CONCLUSIONS AND RELEVANCE

The delay of the initiation of AHT past 150 days was associated with diminished survival in hormone receptor-positive, ERBB2-negative patients with breast cancer who did not receive chemotherapy. Efforts should be made to address factors associated with delayed treatment to improve survival.

摘要

重要性

研究表明,手术和辅助化疗的延迟启动与乳腺癌生存率降低有关。然而,辅助激素治疗(AHT)的延迟启动是否与生存有关仍不清楚。

目的

评估辅助激素治疗时间(TTH)与乳腺癌生存的关系,并评估与 AHT 相关的因素。

设计、地点和参与者:这项队列研究利用 2004 年至 2014 年期间国家癌症数据库的数据,评估 TTH(分层为≤150 天和>150 天)与癌症生存的关系。所有纳入的患者均被诊断为 I 期至 III 期激素受体阳性、人表皮生长因子受体 2(ERBB2;以前称为 HER2)阴性浸润性乳腺癌,并在未接受化疗的情况下接受 AHT。数据分析于 2019 年 4 月至 2020 年 5 月进行。

暴露情况

AHT 在乳腺癌治疗后的不同时间点进行。

主要结局和测量

构建逆概率治疗加权(IPTW)模型,通过调整治疗机构、患者人口统计学特征、肿瘤特征和治疗来评估总生存率;进行多变量逻辑回归分析,以评估与延迟治疗相关的因素。

结果

共纳入 144103 例患者(中位[IQR]随访时间,36.6 个月[25.5-49.2 个月];平均[SD]年龄,63.7[11.6]岁),其中 142916 例(99.2%)为女性,11574 例(8.0%)为黑人患者,126013 例(87.4%)为白人患者。其中,134873 例(93.6%)的 TTH 为 150 天或更短,9230 例(6.4%)的 TTH 长于 150 天。基于 IPTW 的 Cox 模型表明,与接受及时治疗(TTH≤150 天)的患者相比,接受延迟 AHT(即 TTH 超过 150 天)的患者生存率降低(风险比[HR],1.31;95%CI,1.26-1.35;P<0.001)。几项敏感性分析(包括使用稳定权重的 IPTW[HR,1.31;95%CI,1.19-1.45;P<0.001]、倾向评分匹配[HR,1.41;95%CI,1.13-1.76;P=0.002]和倾向评分回归调整[HR,1.29;95%CI,1.16-1.43;P<0.001])和探索性亚组分析得出了类似的趋势。
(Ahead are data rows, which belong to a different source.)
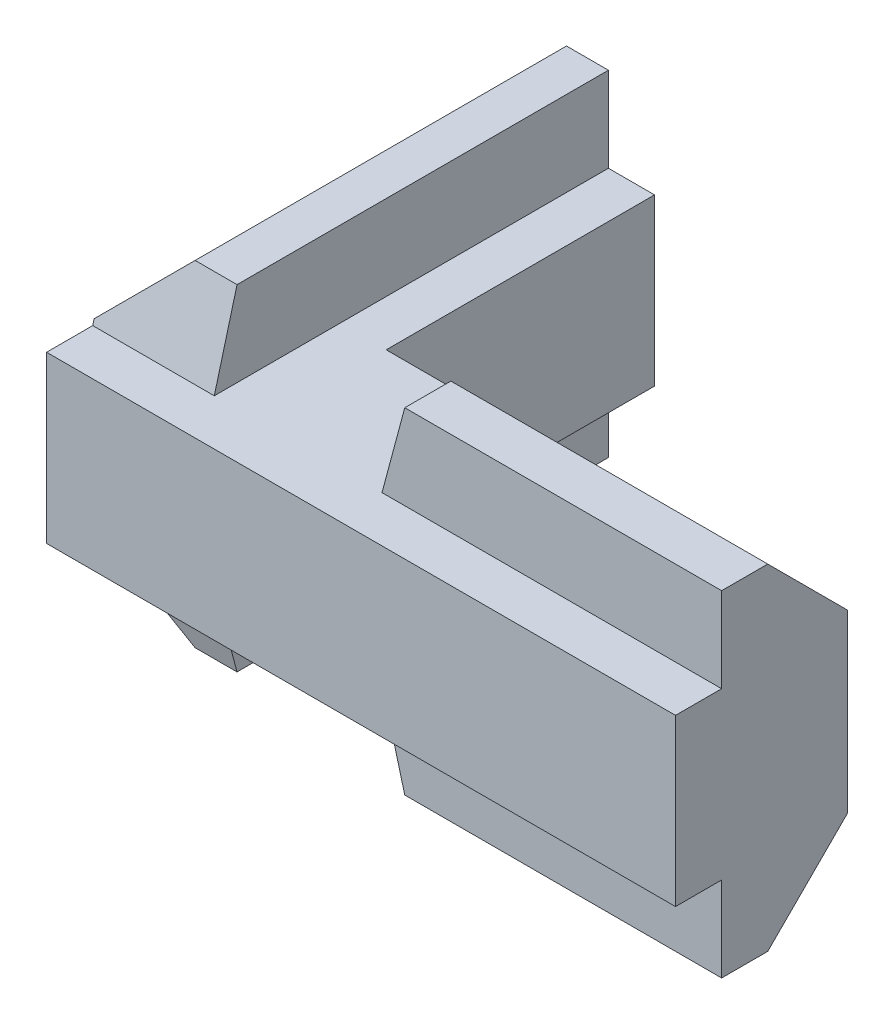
ISO-10303-21;
HEADER;
FILE_DESCRIPTION(('STEP AP214'),'2;1');
FILE_NAME('part.step','',(''),(''),'','','');
FILE_SCHEMA(('AUTOMOTIVE_DESIGN { 1 0 10303 214 1 1 1 1 }'));
ENDSEC;
DATA;
#1=APPLICATION_CONTEXT('core data for automotive mechanical design processes');
#2=APPLICATION_PROTOCOL_DEFINITION('international standard','automotive_design',2000,#1);
#3=PRODUCT_CONTEXT('',#1,'mechanical');
#4=PRODUCT('Part','Part','',(#3));
#5=PRODUCT_RELATED_PRODUCT_CATEGORY('part','',(#4));
#6=PRODUCT_DEFINITION_FORMATION('','',#4);
#7=PRODUCT_DEFINITION_CONTEXT('part definition',#1,'design');
#8=PRODUCT_DEFINITION('design','',#6,#7);
#9=PRODUCT_DEFINITION_SHAPE('','',#8);
#10=(LENGTH_UNIT() NAMED_UNIT(*) SI_UNIT(.MILLI.,.METRE.));
#11=(NAMED_UNIT(*) PLANE_ANGLE_UNIT() SI_UNIT($,.RADIAN.));
#12=(NAMED_UNIT(*) SI_UNIT($,.STERADIAN.) SOLID_ANGLE_UNIT());
#13=UNCERTAINTY_MEASURE_WITH_UNIT(LENGTH_MEASURE(1.E-05),#10,'distance_accuracy_value','');
#14=(GEOMETRIC_REPRESENTATION_CONTEXT(3) GLOBAL_UNCERTAINTY_ASSIGNED_CONTEXT((#13)) GLOBAL_UNIT_ASSIGNED_CONTEXT((#10,
#11,#12)) REPRESENTATION_CONTEXT('',''));
#15=CARTESIAN_POINT('',(0.,0.,0.));
#16=DIRECTION('',(0.,0.,1.));
#17=DIRECTION('',(1.,0.,0.));
#18=AXIS2_PLACEMENT_3D('',#15,#16,#17);
#19=CARTESIAN_POINT('',(-2.10000000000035,7.99999999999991,-21.8857402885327));
#20=DIRECTION('',(0.,1.,0.));
#21=DIRECTION('',(-1.,0.,0.));
#22=AXIS2_PLACEMENT_3D('',#19,#20,#21);
#23=PLANE('',#22);
#24=DIRECTION('',(0.,0.,1.));
#25=VECTOR('',#24,1.);
#26=CARTESIAN_POINT('',(-4.20000000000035,7.99999999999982,-1.3303366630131));
#27=LINE('',#26,#25);
#28=CARTESIAN_POINT('',(-4.20000000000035,7.99999999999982,-21.));
#29=VERTEX_POINT('',#28);
#30=CARTESIAN_POINT('',(-4.20000000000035,7.99999999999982,-3.285194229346));
#31=VERTEX_POINT('',#30);
#32=EDGE_CURVE('E239',#29,#31,#27,.T.);
#33=ORIENTED_EDGE('',*,*,#32,.T.);
#34=DIRECTION('',(1.,0.,0.));
#35=VECTOR('',#34,1.);
#36=CARTESIAN_POINT('',(-1.91000000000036,7.99999999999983,-3.28519422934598));
#37=LINE('',#36,#35);
#38=CARTESIAN_POINT('',(-2.20000000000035,7.99999999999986,-3.28519422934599));
#39=VERTEX_POINT('',#38);
#40=EDGE_CURVE('E203',#31,#39,#37,.T.);
#41=ORIENTED_EDGE('',*,*,#40,.T.);
#42=DIRECTION('',(0.,0.,1.));
#43=VECTOR('',#42,1.);
#44=CARTESIAN_POINT('',(-2.20000000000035,7.9999999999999,-1.26));
#45=LINE('',#44,#43);
#46=CARTESIAN_POINT('',(-2.20000000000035,7.99999999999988,-21.));
#47=VERTEX_POINT('',#46);
#48=EDGE_CURVE('E210',#39,#47,#45,.F.);
#49=ORIENTED_EDGE('',*,*,#48,.T.);
#50=DIRECTION('',(-1.,0.,0.));
#51=VECTOR('',#50,1.);
#52=CARTESIAN_POINT('',(0.400000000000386,7.99999999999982,-21.));
#53=LINE('',#52,#51);
#54=EDGE_CURVE('E245',#29,#47,#53,.F.);
#55=ORIENTED_EDGE('',*,*,#54,.F.);
#56=EDGE_LOOP('',(#33,#41,#49,#55));
#57=FACE_BOUND('',#56,.T.);
#58=ADVANCED_FACE('F16',(#57),#23,.T.);
#59=CARTESIAN_POINT('',(-2.09999999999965,-8.00000000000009,-21.8857402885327));
#60=DIRECTION('',(0.,1.,0.));
#61=DIRECTION('',(-1.,0.,0.));
#62=AXIS2_PLACEMENT_3D('',#59,#60,#61);
#63=PLANE('',#62);
#64=DIRECTION('',(0.,0.,1.));
#65=VECTOR('',#64,1.);
#66=CARTESIAN_POINT('',(-2.19999999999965,-8.0000000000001,-1.26));
#67=LINE('',#66,#65);
#68=CARTESIAN_POINT('',(-2.19999999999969,-8.0000000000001,-21.));
#69=VERTEX_POINT('',#68);
#70=CARTESIAN_POINT('',(-2.19999999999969,-8.0000000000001,-3.28519422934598));
#71=VERTEX_POINT('',#70);
#72=EDGE_CURVE('E19',#69,#71,#67,.T.);
#73=ORIENTED_EDGE('',*,*,#72,.T.);
#74=DIRECTION('',(1.,0.,0.));
#75=VECTOR('',#74,1.);
#76=CARTESIAN_POINT('',(-1.90999999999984,-8.00000000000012,-3.28519422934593));
#77=LINE('',#76,#75);
#78=CARTESIAN_POINT('',(-4.19999999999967,-8.00000000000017,-3.28519422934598));
#79=VERTEX_POINT('',#78);
#80=EDGE_CURVE('E170',#71,#79,#77,.F.);
#81=ORIENTED_EDGE('',*,*,#80,.T.);
#82=DIRECTION('',(0.,0.,1.));
#83=VECTOR('',#82,1.);
#84=CARTESIAN_POINT('',(-4.19999999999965,-8.00000000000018,-1.3303366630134));
#85=LINE('',#84,#83);
#86=CARTESIAN_POINT('',(-4.19999999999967,-8.00000000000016,-21.));
#87=VERTEX_POINT('',#86);
#88=EDGE_CURVE('E257',#79,#87,#85,.F.);
#89=ORIENTED_EDGE('',*,*,#88,.T.);
#90=DIRECTION('',(-1.,0.,0.));
#91=VECTOR('',#90,1.);
#92=CARTESIAN_POINT('',(0.400000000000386,-8.0000000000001,-21.));
#93=LINE('',#92,#91);
#94=EDGE_CURVE('E173',#69,#87,#93,.T.);
#95=ORIENTED_EDGE('',*,*,#94,.F.);
#96=EDGE_LOOP('',(#73,#81,#89,#95));
#97=FACE_BOUND('',#96,.T.);
#98=ADVANCED_FACE('F168',(#97),#63,.F.);
#99=CARTESIAN_POINT('',(-2.19999999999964,-8.20250000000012,-1.26));
#100=DIRECTION('',(-1.,0.,0.));
#101=DIRECTION('',(0.,-1.,0.));
#102=AXIS2_PLACEMENT_3D('',#99,#100,#101);
#103=PLANE('',#102);
#104=DIRECTION('',(0.,0.,1.));
#105=VECTOR('',#104,1.);
#106=CARTESIAN_POINT('',(-2.19999999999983,-3.9500000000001,-22.05));
#107=LINE('',#106,#105);
#108=CARTESIAN_POINT('',(-2.19999999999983,-3.95000000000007,-21.));
#109=VERTEX_POINT('',#108);
#110=CARTESIAN_POINT('',(-2.19999999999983,-3.95000000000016,-2.20000000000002));
#111=VERTEX_POINT('',#110);
#112=EDGE_CURVE('E180',#109,#111,#107,.T.);
#113=ORIENTED_EDGE('',*,*,#112,.T.);
#114=DIRECTION('',(0.,0.965925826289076,0.258819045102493));
#115=VECTOR('',#114,1.);
#116=CARTESIAN_POINT('',(-2.19999999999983,-3.74750000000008,-2.1457402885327));
#117=LINE('',#116,#115);
#118=EDGE_CURVE('E177',#111,#71,#117,.F.);
#119=ORIENTED_EDGE('',*,*,#118,.T.);
#120=ORIENTED_EDGE('',*,*,#72,.F.);
#121=DIRECTION('',(0.,1.,0.));
#122=VECTOR('',#121,1.);
#123=CARTESIAN_POINT('',(-2.19999999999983,-8.79999999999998,-21.));
#124=LINE('',#123,#122);
#125=EDGE_CURVE('E254',#109,#69,#124,.F.);
#126=ORIENTED_EDGE('',*,*,#125,.F.);
#127=EDGE_LOOP('',(#113,#119,#120,#126));
#128=FACE_BOUND('',#127,.T.);
#129=ADVANCED_FACE('F178',(#128),#103,.F.);
#130=CARTESIAN_POINT('',(-1.90999999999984,-3.74750000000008,-2.1457402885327));
#131=DIRECTION('',(0.,0.258819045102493,-0.965925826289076));
#132=DIRECTION('',(0.,0.965925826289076,0.258819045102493));
#133=AXIS2_PLACEMENT_3D('',#130,#131,#132);
#134=PLANE('',#133);
#135=DIRECTION('',(-1.,0.,0.));
#136=VECTOR('',#135,1.);
#137=CARTESIAN_POINT('',(-9.49999999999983,-3.95000000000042,-2.2));
#138=LINE('',#137,#136);
#139=CARTESIAN_POINT('',(-7.99999999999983,-3.95000000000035,-2.2));
#140=VERTEX_POINT('',#139);
#141=EDGE_CURVE('E263',#111,#140,#138,.T.);
#142=ORIENTED_EDGE('',*,*,#141,.T.);
#143=DIRECTION('',(0.,0.965925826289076,0.258819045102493));
#144=VECTOR('',#143,1.);
#145=CARTESIAN_POINT('',(-7.99999999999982,-3.7475000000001,-2.14574028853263));
#146=LINE('',#145,#144);
#147=CARTESIAN_POINT('',(-7.99999999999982,-4.20000000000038,-2.26698729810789));
#148=VERTEX_POINT('',#147);
#149=EDGE_CURVE('E185',#148,#140,#146,.T.);
#150=ORIENTED_EDGE('',*,*,#149,.F.);
#151=DIRECTION('',(0.694746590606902,-0.694746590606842,-0.186156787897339));
#152=VECTOR('',#151,1.);
#153=CARTESIAN_POINT('',(-7.99999999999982,-4.20000000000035,-2.266987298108));
#154=LINE('',#153,#152);
#155=EDGE_CURVE('E189',#148,#79,#154,.T.);
#156=ORIENTED_EDGE('',*,*,#155,.T.);
#157=ORIENTED_EDGE('',*,*,#80,.F.);
#158=ORIENTED_EDGE('',*,*,#118,.F.);
#159=EDGE_LOOP('',(#142,#150,#156,#157,#158));
#160=FACE_BOUND('',#159,.T.);
#161=ADVANCED_FACE('F187',(#160),#134,.F.);
#162=CARTESIAN_POINT('',(5.74574028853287,-3.74749999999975,-1.9));
#163=DIRECTION('',(0.965925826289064,0.258819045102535,0.));
#164=DIRECTION('',(-0.258819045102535,0.965925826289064,0.));
#165=AXIS2_PLACEMENT_3D('',#162,#163,#164);
#166=PLANE('',#165);
#167=DIRECTION('',(0.,0.,1.));
#168=VECTOR('',#167,1.);
#169=CARTESIAN_POINT('',(5.80000000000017,-3.94999999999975,-22.05));
#170=LINE('',#169,#168);
#171=CARTESIAN_POINT('',(5.80000000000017,-3.94999999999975,-2.2));
#172=VERTEX_POINT('',#171);
#173=CARTESIAN_POINT('',(5.80000000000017,-3.94999999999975,-8.2));
#174=VERTEX_POINT('',#173);
#175=EDGE_CURVE('E268',#172,#174,#170,.F.);
#176=ORIENTED_EDGE('',*,*,#175,.T.);
#177=DIRECTION('',(-0.2588190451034,0.965925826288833,0.));
#178=VECTOR('',#177,1.);
#179=CARTESIAN_POINT('',(5.86698729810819,-4.19999999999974,-8.2));
#180=LINE('',#179,#178);
#181=CARTESIAN_POINT('',(5.86698729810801,-4.19999999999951,-8.20000000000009));
#182=VERTEX_POINT('',#181);
#183=EDGE_CURVE('E212',#182,#174,#180,.T.);
#184=ORIENTED_EDGE('',*,*,#183,.F.);
#185=DIRECTION('',(0.186156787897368,-0.694746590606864,0.694746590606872));
#186=VECTOR('',#185,1.);
#187=CARTESIAN_POINT('',(5.86698729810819,-4.19999999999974,-8.2));
#188=LINE('',#187,#186);
#189=CARTESIAN_POINT('',(6.88519422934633,-7.9999999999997,-4.4));
#190=VERTEX_POINT('',#189);
#191=EDGE_CURVE('E199',#182,#190,#188,.T.);
#192=ORIENTED_EDGE('',*,*,#191,.T.);
#193=DIRECTION('',(0.,0.,1.));
#194=VECTOR('',#193,1.);
#195=CARTESIAN_POINT('',(6.88519422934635,-7.99999999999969,-4.51));
#196=LINE('',#195,#194);
#197=CARTESIAN_POINT('',(6.88519422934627,-7.99999999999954,-2.2));
#198=VERTEX_POINT('',#197);
#199=EDGE_CURVE('E162',#190,#198,#196,.T.);
#200=ORIENTED_EDGE('',*,*,#199,.T.);
#201=DIRECTION('',(-0.258819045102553,0.965925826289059,0.));
#202=VECTOR('',#201,1.);
#203=CARTESIAN_POINT('',(6.88519422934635,-7.9999999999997,-2.2));
#204=LINE('',#203,#202);
#205=EDGE_CURVE('E184',#198,#172,#204,.T.);
#206=ORIENTED_EDGE('',*,*,#205,.T.);
#207=EDGE_LOOP('',(#176,#184,#192,#200,#206));
#208=FACE_BOUND('',#207,.T.);
#209=ADVANCED_FACE('F564',(#208),#166,.F.);
#210=CARTESIAN_POINT('',(4.99000000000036,-8.2024999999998,-2.2));
#211=DIRECTION('',(0.,0.,-1.));
#212=DIRECTION('',(-1.,0.,0.));
#213=AXIS2_PLACEMENT_3D('',#210,#211,#212);
#214=PLANE('',#213);
#215=DIRECTION('',(0.,1.,0.));
#216=VECTOR('',#215,1.);
#217=CARTESIAN_POINT('',(22.0000000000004,-8.79999999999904,-2.2));
#218=LINE('',#217,#216);
#219=CARTESIAN_POINT('',(22.0000000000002,-3.9499999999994,-2.2));
#220=VERTEX_POINT('',#219);
#221=CARTESIAN_POINT('',(22.0000000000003,-7.99999999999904,-2.2));
#222=VERTEX_POINT('',#221);
#223=EDGE_CURVE('E278',#220,#222,#218,.F.);
#224=ORIENTED_EDGE('',*,*,#223,.F.);
#225=DIRECTION('',(-1.,0.,0.));
#226=VECTOR('',#225,1.);
#227=CARTESIAN_POINT('',(-9.49999999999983,-3.95000000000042,-2.2));
#228=LINE('',#227,#226);
#229=EDGE_CURVE('E265',#220,#172,#228,.T.);
#230=ORIENTED_EDGE('',*,*,#229,.T.);
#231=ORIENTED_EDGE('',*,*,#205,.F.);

与延迟 AHT 相关的因素包括黑人种族身份(OR,1.66;95%CI,1.55-1.77)、非私人保险(例如,无保险:OR,1.46;95%CI,1.26-1.70)、居住在大都市或大都市区(参考城市、欠城市或农村:OR,0.82;95%CI,0.76-0.87)、在社区医院接受治疗(参考学术或研究机构:OR,0.91;95%CI,0.84-0.98)、Charlson-Deyo 合并症指数评分 2 或更高(OR,1.17;95%CI,1.04-1.32)、分化不良(OR,1.42;95%CI,1.32-1.53)、II 期和 III 期病理阶段(III 期:OR,3.13;95%CI,2.76-3.54)、雌激素受体阳性(ER+)/孕激素受体阴性(PR-)或 ER-/PR+(OR,1.22;95%CI,1.13-1.31)、接受保乳手术(参考乳房切除术:OR,0.87;95%CI,0.79-0.94)和放疗(参考无放疗:OR,0.56;95%CI,0.52-0.61)。

结论和相关性

在未接受化疗的激素受体阳性、ERBB2 阴性乳腺癌患者中,AHT 启动时间延迟超过 150 天与生存率降低有关。应努力解决与延迟治疗相关的因素,以提高生存率。